DIRECTIONS FOR THIS TASK: For this exercise, reproduce the entries below exactly, but only from the line containing "mat_blackstructuraliron.specular_intensity = 1.0" through the line containing "mat_blueplastic.diffuse_color = (0.0, 0.4646, 1.0, 1.0)", both included.

^^^^^^^^^^^^^^^^

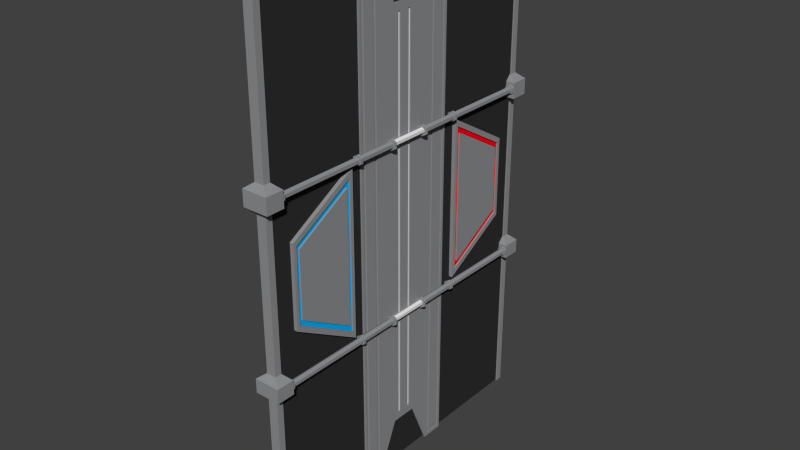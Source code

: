 # Source: DoorExport.blend  (saved by Blender 2.69.0; exported with 4.5.12 LTS)
import bpy
from mathutils import Matrix  # noqa: F401  (used for matrix-valued properties, if any)

bpy.ops.wm.read_factory_settings(use_empty=True)
scene = bpy.context.scene
scene.name = 'Scene'

# ---- collections
col_collection_1 = bpy.data.collections.new('Collection 1'); scene.collection.children.link(col_collection_1)

# ---- materials (node trees are filled in below, after node groups)
mat_blackstructuraliron = bpy.data.materials.new('BlackStructuralIron')
mat_blackstructuraliron.alpha_threshold = 0.0
mat_blackstructuraliron.use_transparent_shadow = False
mat_blackstructuraliron.diffuse_color = (0.03106, 0.03106, 0.03106, 1.0)
mat_blackstructuraliron.roughness = 0.5
mat_blackstructuraliron.specular_intensity = 1.0
mat_blackstructuraliron.line_color = (0.0, 0.0, 0.0, 1.0)
mat_steel = bpy.data.materials.new('Steel')
mat_steel.alpha_threshold = 0.0
mat_steel.use_transparent_shadow = False
mat_steel.preview_render_type = 'SHADERBALL'
mat_steel.diffuse_color = (0.2831, 0.2865, 0.2957, 1.0)
mat_steel.specular_color = (1.0, 1.0, 0.98)
mat_steel.roughness = 0.5
mat_steel.specular_intensity = 1.0
mat_steel.line_color = (0.0, 0.0, 0.0, 1.0)
mat_blueplastic = bpy.data.materials.new('BluePlastic')
mat_blueplastic.alpha_threshold = 0.0
mat_blueplastic.use_transparent_shadow = False
mat_blueplastic.diffuse_color = (0.0, 0.4646, 1.0, 1.0)
mat_blueplastic.specular_color = (0.0, 0.9753, 1.0)
mat_blueplastic.roughness = 0.5
mat_blueplastic.specular_intensity = 0.6286
mat_blueplastic.line_color = (0.0, 0.0, 0.0, 1.0)
mat_luminescent = bpy.data.materials.new('Luminescent')
mat_luminescent.alpha_threshold = 0.0
mat_luminescent.use_transparent_shadow = False
mat_luminescent.roughness = 0.5
mat_luminescent.specular_intensity = 1.0
mat_luminescent.line_color = (0.0, 0.0, 0.0, 1.0)
mat_redplastic = bpy.data.materials.new('RedPlastic')
mat_redplastic.alpha_threshold = 0.0
mat_redplastic.use_transparent_shadow = False
mat_redplastic.diffuse_color = (1.0, 0.0, 0.01085, 1.0)
mat_redplastic.specular_color = (1.0, 0.1373, 0.0)
mat_redplastic.roughness = 0.5
mat_redplastic.specular_intensity = 0.6286
mat_redplastic.line_color = (0.0, 0.0, 0.0, 1.0)

# ---- material node trees

# ---- world
world_world = bpy.data.worlds.new('World'); scene.world = world_world
world_world.color = (0.05088, 0.05088, 0.05088)
world_world.use_sun_shadow = False
world_world.sun_shadow_jitter_overblur = 0.0
world_world.cycles.sampling_method = 'MANUAL'
world_world.cycles.sample_map_resolution = 256

# ---- meshes
me_cube_006 = bpy.data.meshes.new('Cube.006')
me_cube_006.from_pydata([(1.0, -0.0006788, -1.0), (1.0, -2.001, -1.0), (-1.0, -2.001, -1.0), (-1.0, -0.0006784, -1.0), (1.0, -0.0006793, 1.0), (1.0, -2.001, 1.0), (-1.0, -2.001, 1.0), (-1.0, -0.0006788, 1.0), (1.318, -0.6854, -1.011), (1.318, 0.003805, -0.8236), (-1.318, 0.003805, -0.8236), (-1.318, -0.6854, -1.011), (1.318, -0.6854, 1.011), (1.318, 0.003805, 0.8236), (-1.318, 0.003805, 0.8236), (-1.318, -0.6854, 1.011), (1.318, -0.402, 1.011), (1.318, -0.402, -1.011), (-1.318, -0.402, 1.011), (-1.318, -0.402, -1.011), (1.318, -0.1576, 0.8236), (1.318, -0.1576, -0.8236), (-1.318, -0.1576, 0.8236), (-1.318, -0.1576, -0.8236), (1.318, -0.05967, -0.7923), (-1.318, -0.05967, -0.7923), (1.318, -0.05967, 0.7923), (-1.318, -0.05967, 0.7923), (1.318, -0.09409, 0.7923), (1.318, -0.09409, -0.7923), (-1.318, -0.09409, 0.7923), (-1.318, -0.09409, -0.7923), (1.03, -0.05967, -0.7923), (-1.03, -0.05967, -0.7923), (1.03, -0.05967, 0.7923), (-1.03, -0.05967, 0.7923), (1.03, -0.09409, 0.7923), (1.03, -0.09409, -0.7923), (-1.03, -0.09409, 0.7923), (-1.03, -0.09409, -0.7923), (1.318, -0.5803, -0.97), (-1.318, -0.5803, -0.97), (1.318, -0.5803, 0.97), (-1.318, -0.5803, 0.97), (1.318, -0.5071, 0.97), (1.318, -0.5071, -0.97), (-1.318, -0.5071, 0.97), (-1.318, -0.5071, -0.97), (-1.318, -0.4721, -0.9835), (-1.318, -0.437, -0.9971), (-1.318, -0.437, 0.9971), (-1.318, -0.4721, 0.9835), (-1.318, -0.6153, -0.9835), (-1.318, -0.6504, -0.9971), (-1.318, -0.6153, 0.9835), (-1.318, -0.6504, 0.9971), (1.318, -0.4721, 0.9835), (1.318, -0.437, 0.9971), (1.318, -0.437, -0.9971), (1.318, -0.4721, -0.9835), (1.318, -0.6153, 0.9835), (1.318, -0.6504, 0.9971), (1.318, -0.6504, -0.9971), (1.318, -0.6153, -0.9835), (-1.026, -0.4721, -0.9835), (-1.026, -0.437, -0.9971), (-1.026, -0.437, 0.9971), (-1.026, -0.4721, 0.9835), (-1.026, -0.6153, -0.9835), (-1.026, -0.6504, -0.9971), (-1.026, -0.6153, 0.9835), (-1.026, -0.6504, 0.9971), (1.026, -0.4721, 0.9835), (1.026, -0.437, 0.9971), (1.026, -0.437, -0.9971), (1.026, -0.4721, -0.9835), (1.026, -0.6153, 0.9835), (1.026, -0.6504, 0.9971), (1.026, -0.6504, -0.9971), (1.026, -0.6153, -0.9835), (2.044, -0.8455, 0.3259), (-2.044, -0.8455, 0.3259), (2.044, -0.8455, -0.3271), (-2.044, -0.8455, -0.3271), (2.044, -1.711, -0.1638), (-2.044, -1.711, -0.1638), (2.044, -1.711, 0.1627), (-2.044, -1.711, 0.1627), (2.044, -0.9675, 0.2339), (-2.044, -0.9675, 0.2339), (2.044, -0.9675, -0.2351), (-2.044, -0.9675, -0.2351), (2.044, -1.589, -0.1178), (-2.044, -1.589, -0.1178), (2.044, -1.589, 0.1167), (-2.044, -1.589, 0.1167), (-2.044, -0.9268, 0.2646), (-2.044, -0.8861, 0.2952), (-2.044, -1.671, 0.1473), (-2.044, -1.63, 0.132), (-2.044, -1.671, -0.1485), (-2.044, -1.63, -0.1332), (-2.044, -0.8861, -0.2964), (-2.044, -0.9268, -0.2657), (2.044, -1.63, 0.132), (2.044, -1.671, 0.1473), (2.044, -0.8861, 0.2952), (2.044, -0.9268, 0.2646), (2.044, -1.63, -0.1332), (2.044, -1.671, -0.1485), (2.044, -0.9268, -0.2657), (2.044, -0.8861, -0.2964), (-1.653, -0.9268, 0.2646), (-1.653, -0.8861, 0.2952), (-1.653, -1.671, 0.1473), (-1.653, -1.63, 0.132), (-1.653, -1.671, -0.1485), (-1.653, -1.63, -0.1332), (-1.653, -0.8861, -0.2964), (-1.653, -0.9268, -0.2657), (1.653, -1.63, 0.132), (1.653, -1.671, 0.1473), (1.653, -0.8861, 0.2952), (1.653, -0.9268, 0.2646), (1.653, -1.63, -0.1332), (1.653, -1.671, -0.1485), (1.653, -0.9268, -0.2657), (1.653, -0.8861, -0.2964), (1.35, -2.019, -1.005), (1.35, -1.937, -1.005), (-1.35, -1.937, -1.005), (-1.35, -2.019, -1.005), (1.35, -2.019, 1.003), (1.35, -1.937, 1.003), (-1.35, -1.937, 1.003), (-1.35, -2.019, 1.003), (1.35, -2.019, 0.2947), (3.499, -2.089, 0.3186), (3.499, -2.089, 0.3743), (1.35, -2.019, 0.3982), (1.35, -1.937, 0.3982), (3.499, -1.867, 0.3743), (3.499, -1.867, 0.3186), (1.35, -1.937, 0.2947), (-1.35, -1.937, 0.3982), (-3.499, -1.867, 0.3743), (-3.499, -1.867, 0.3186), (-1.35, -1.937, 0.2947), (-1.35, -2.019, 0.3982), (-3.499, -2.089, 0.3743), (-3.499, -2.089, 0.3186), (-1.35, -2.019, 0.2947), (1.35, -1.937, -0.2901), (3.499, -1.867, -0.3131), (3.499, -1.867, -0.3763), (1.35, -1.937, -0.3992), (-1.35, -1.937, -0.2901), (-3.499, -1.867, -0.3131), (-3.499, -1.867, -0.3763), (-1.35, -1.937, -0.3992), (-1.35, -2.019, -0.2901), (-3.499, -2.089, -0.3131), (-3.499, -2.089, -0.3763), (-1.35, -2.019, -0.3992), (1.35, -2.019, -0.2901), (3.499, -2.089, -0.3131), (3.499, -2.089, -0.3763), (1.35, -2.019, -0.3992), (-2.257, -0.239, 0.3595), (-2.257, -1.871, 0.3595), (-3.034, -0.239, 0.353), (-3.034, -1.871, 0.353), (-3.034, -0.239, 0.3399), (-3.034, -1.871, 0.3399), (-2.257, -0.239, 0.3333), (-2.257, -1.871, 0.3333), (-1.481, -0.239, 0.3399), (-1.481, -1.871, 0.3399), (-1.481, -0.239, 0.353), (-1.481, -1.871, 0.353), (-2.257, -0.2644, 0.3595), (-2.257, -0.7517, 0.3595), (-3.034, -0.7517, 0.353), (-3.034, -0.2644, 0.353), (-3.034, -0.7517, 0.3399), (-3.034, -0.2644, 0.3399), (-2.257, -0.7517, 0.3333), (-2.257, -0.2644, 0.3333), (-1.481, -0.7517, 0.3399), (-1.481, -0.2644, 0.3399), (-1.481, -0.7517, 0.353), (-1.481, -0.2644, 0.353), (-2.257, -0.7867, 0.3595), (-3.034, -0.7867, 0.353), (-3.034, -0.7867, 0.3399), (-2.257, -0.7867, 0.3333), (-1.481, -0.7867, 0.3399), (-1.481, -0.7867, 0.353), (-2.257, -0.7517, 0.366), (-3.413, -0.7517, 0.3562), (-3.413, -0.7517, 0.3367), (-2.257, -0.7517, 0.3269), (-1.102, -0.7517, 0.3367), (-1.102, -0.7517, 0.3562), (-2.257, -0.7867, 0.366), (-3.413, -0.7867, 0.3562), (-3.413, -0.7867, 0.3367), (-2.257, -0.7867, 0.3269), (-1.102, -0.7867, 0.3367), (-1.102, -0.7867, 0.3562), (-2.257, -0.239, 0.369), (-3.59, -0.239, 0.3577), (-3.59, -0.239, 0.3352), (-2.257, -0.239, 0.3239), (-0.9243, -0.239, 0.3352), (-0.9243, -0.239, 0.3577), (-2.257, -0.2644, 0.369), (-3.59, -0.2644, 0.3577), (-3.59, -0.2644, 0.3352), (-2.257, -0.2644, 0.3239), (-0.9243, -0.2644, 0.3352), (-0.9243, -0.2644, 0.3577), (-2.257, -1.843, 0.3595), (-2.257, -1.871, 0.3595), (-3.034, -1.843, 0.353), (-3.034, -1.871, 0.353), (-3.034, -1.843, 0.3399), (-3.034, -1.871, 0.3399), (-2.257, -1.843, 0.3333), (-2.257, -1.871, 0.3333), (-1.481, -1.843, 0.3399), (-1.481, -1.871, 0.3399), (-1.481, -1.843, 0.353), (-1.481, -1.871, 0.353), (-2.257, -1.843, 0.3654), (-2.257, -1.871, 0.3654), (-3.382, -1.843, 0.3559), (-3.382, -1.871, 0.3559), (-3.382, -1.843, 0.3369), (-3.382, -1.871, 0.3369), (-2.257, -1.843, 0.3275), (-2.257, -1.871, 0.3275), (-1.133, -1.843, 0.3369), (-1.133, -1.871, 0.3369), (-1.133, -1.843, 0.3559), (-1.133, -1.871, 0.3559), (-2.257, -0.2581, 0.3595), (-3.034, -0.2581, 0.353), (-3.034, -0.2581, 0.3399), (-2.257, -0.2581, 0.3333), (-1.481, -0.2581, 0.3399), (-1.481, -0.2581, 0.353), (-2.257, -0.239, -0.3607), (-2.257, -1.871, -0.3607), (-3.034, -0.239, -0.3542), (-3.034, -1.871, -0.3542), (-3.034, -0.239, -0.3411), (-3.034, -1.871, -0.3411), (-2.257, -0.239, -0.3345), (-2.257, -1.871, -0.3345), (-1.481, -0.239, -0.3411), (-1.481, -1.871, -0.3411), (-1.481, -0.239, -0.3542), (-1.481, -1.871, -0.3542), (-2.257, -0.2644, -0.3607), (-2.257, -0.7517, -0.3607), (-3.034, -0.7517, -0.3542), (-3.034, -0.2644, -0.3542), (-3.034, -0.7517, -0.3411), (-3.034, -0.2644, -0.3411), (-2.257, -0.7517, -0.3345), (-2.257, -0.2644, -0.3345), (-1.481, -0.7517, -0.3411), (-1.481, -0.2644, -0.3411), (-1.481, -0.7517, -0.3542), (-1.481, -0.2644, -0.3542), (-2.257, -0.7867, -0.3607), (-3.034, -0.7867, -0.3542), (-3.034, -0.7867, -0.3411), (-2.257, -0.7867, -0.3345), (-1.481, -0.7867, -0.3411), (-1.481, -0.7867, -0.3542), (-2.257, -0.7517, -0.3671), (-3.413, -0.7517, -0.3574), (-3.413, -0.7517, -0.3379), (-2.257, -0.7517, -0.3281), (-1.102, -0.7517, -0.3379), (-1.102, -0.7517, -0.3574), (-2.257, -0.7867, -0.3671), (-3.413, -0.7867, -0.3574), (-3.413, -0.7867, -0.3379), (-2.257, -0.7867, -0.3281), (-1.102, -0.7867, -0.3379), (-1.102, -0.7867, -0.3574), (-2.257, -0.239, -0.3701), (-3.59, -0.239, -0.3589), (-3.59, -0.239, -0.3364), (-2.257, -0.239, -0.3251), (-0.9243, -0.239, -0.3364), (-0.9243, -0.239, -0.3589), (-2.257, -0.2644, -0.3701), (-3.59, -0.2644, -0.3589), (-3.59, -0.2644, -0.3364), (-2.257, -0.2644, -0.3251), (-0.9243, -0.2644, -0.3364), (-0.9243, -0.2644, -0.3589), (-2.257, -1.843, -0.3607), (-2.257, -1.871, -0.3607), (-3.034, -1.843, -0.3542), (-3.034, -1.871, -0.3542), (-3.034, -1.843, -0.3411), (-3.034, -1.871, -0.3411), (-2.257, -1.843, -0.3345), (-2.257, -1.871, -0.3345), (-1.481, -1.843, -0.3411), (-1.481, -1.871, -0.3411), (-1.481, -1.843, -0.3542), (-1.481, -1.871, -0.3542), (-2.257, -1.843, -0.3666), (-2.257, -1.871, -0.3666), (-3.382, -1.843, -0.3571), (-3.382, -1.871, -0.3571), (-3.382, -1.843, -0.3381), (-3.382, -1.871, -0.3381), (-2.257, -1.843, -0.3286), (-2.257, -1.871, -0.3286), (-1.133, -1.843, -0.3381), (-1.133, -1.871, -0.3381), (-1.133, -1.843, -0.3571), (-1.133, -1.871, -0.3571), (-2.257, -0.2581, -0.3607), (-3.034, -0.2581, -0.3542), (-3.034, -0.2581, -0.3411), (-2.257, -0.2581, -0.3345), (-1.481, -0.2581, -0.3411), (-1.481, -0.2581, -0.3542), (2.257, -0.239, 0.3595), (2.257, -1.871, 0.3595), (3.034, -0.239, 0.353), (3.034, -1.871, 0.353), (3.034, -0.239, 0.3399), (3.034, -1.871, 0.3399), (2.257, -0.239, 0.3333), (2.257, -1.871, 0.3333), (1.481, -0.239, 0.3399), (1.481, -1.871, 0.3399), (1.481, -0.239, 0.353), (1.481, -1.871, 0.353), (2.257, -0.2644, 0.3595), (2.257, -0.7517, 0.3595), (3.034, -0.7517, 0.353), (3.034, -0.2644, 0.353), (3.034, -0.7517, 0.3399), (3.034, -0.2644, 0.3399), (2.257, -0.7517, 0.3333), (2.257, -0.2644, 0.3333), (1.481, -0.7517, 0.3399), (1.481, -0.2644, 0.3399), (1.481, -0.7517, 0.353), (1.481, -0.2644, 0.353), (2.257, -0.7867, 0.3595), (3.034, -0.7867, 0.353), (3.034, -0.7867, 0.3399), (2.257, -0.7867, 0.3333), (1.481, -0.7867, 0.3399), (1.481, -0.7867, 0.353), (2.257, -0.7517, 0.366), (3.413, -0.7517, 0.3562), (3.413, -0.7517, 0.3367), (2.257, -0.7517, 0.3269), (1.102, -0.7517, 0.3367), (1.102, -0.7517, 0.3562), (2.257, -0.7867, 0.366), (3.413, -0.7867, 0.3562), (3.413, -0.7867, 0.3367), (2.257, -0.7867, 0.3269), (1.102, -0.7867, 0.3367), (1.102, -0.7867, 0.3562), (2.257, -0.239, 0.369), (3.59, -0.239, 0.3577), (3.59, -0.239, 0.3352), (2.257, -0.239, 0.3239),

^^^^^^^^^^^^^^^^

RESULT OF THE EXERCISE:
mat_blackstructuraliron.specular_intensity = 1.0
mat_blackstructuraliron.line_color = (0.0, 0.0, 0.0, 1.0)
mat_steel = bpy.data.materials.new('Steel')
mat_steel.alpha_threshold = 0.0
mat_steel.use_transparent_shadow = False
mat_steel.preview_render_type = 'SHADERBALL'
mat_steel.diffuse_color = (0.2831, 0.2865, 0.2957, 1.0)
mat_steel.specular_color = (1.0, 1.0, 0.98)
mat_steel.roughness = 0.5
mat_steel.specular_intensity = 1.0
mat_steel.line_color = (0.0, 0.0, 0.0, 1.0)
mat_blueplastic = bpy.data.materials.new('BluePlastic')
mat_blueplastic.alpha_threshold = 0.0
mat_blueplastic.use_transparent_shadow = False
mat_blueplastic.diffuse_color = (0.0, 0.4646, 1.0, 1.0)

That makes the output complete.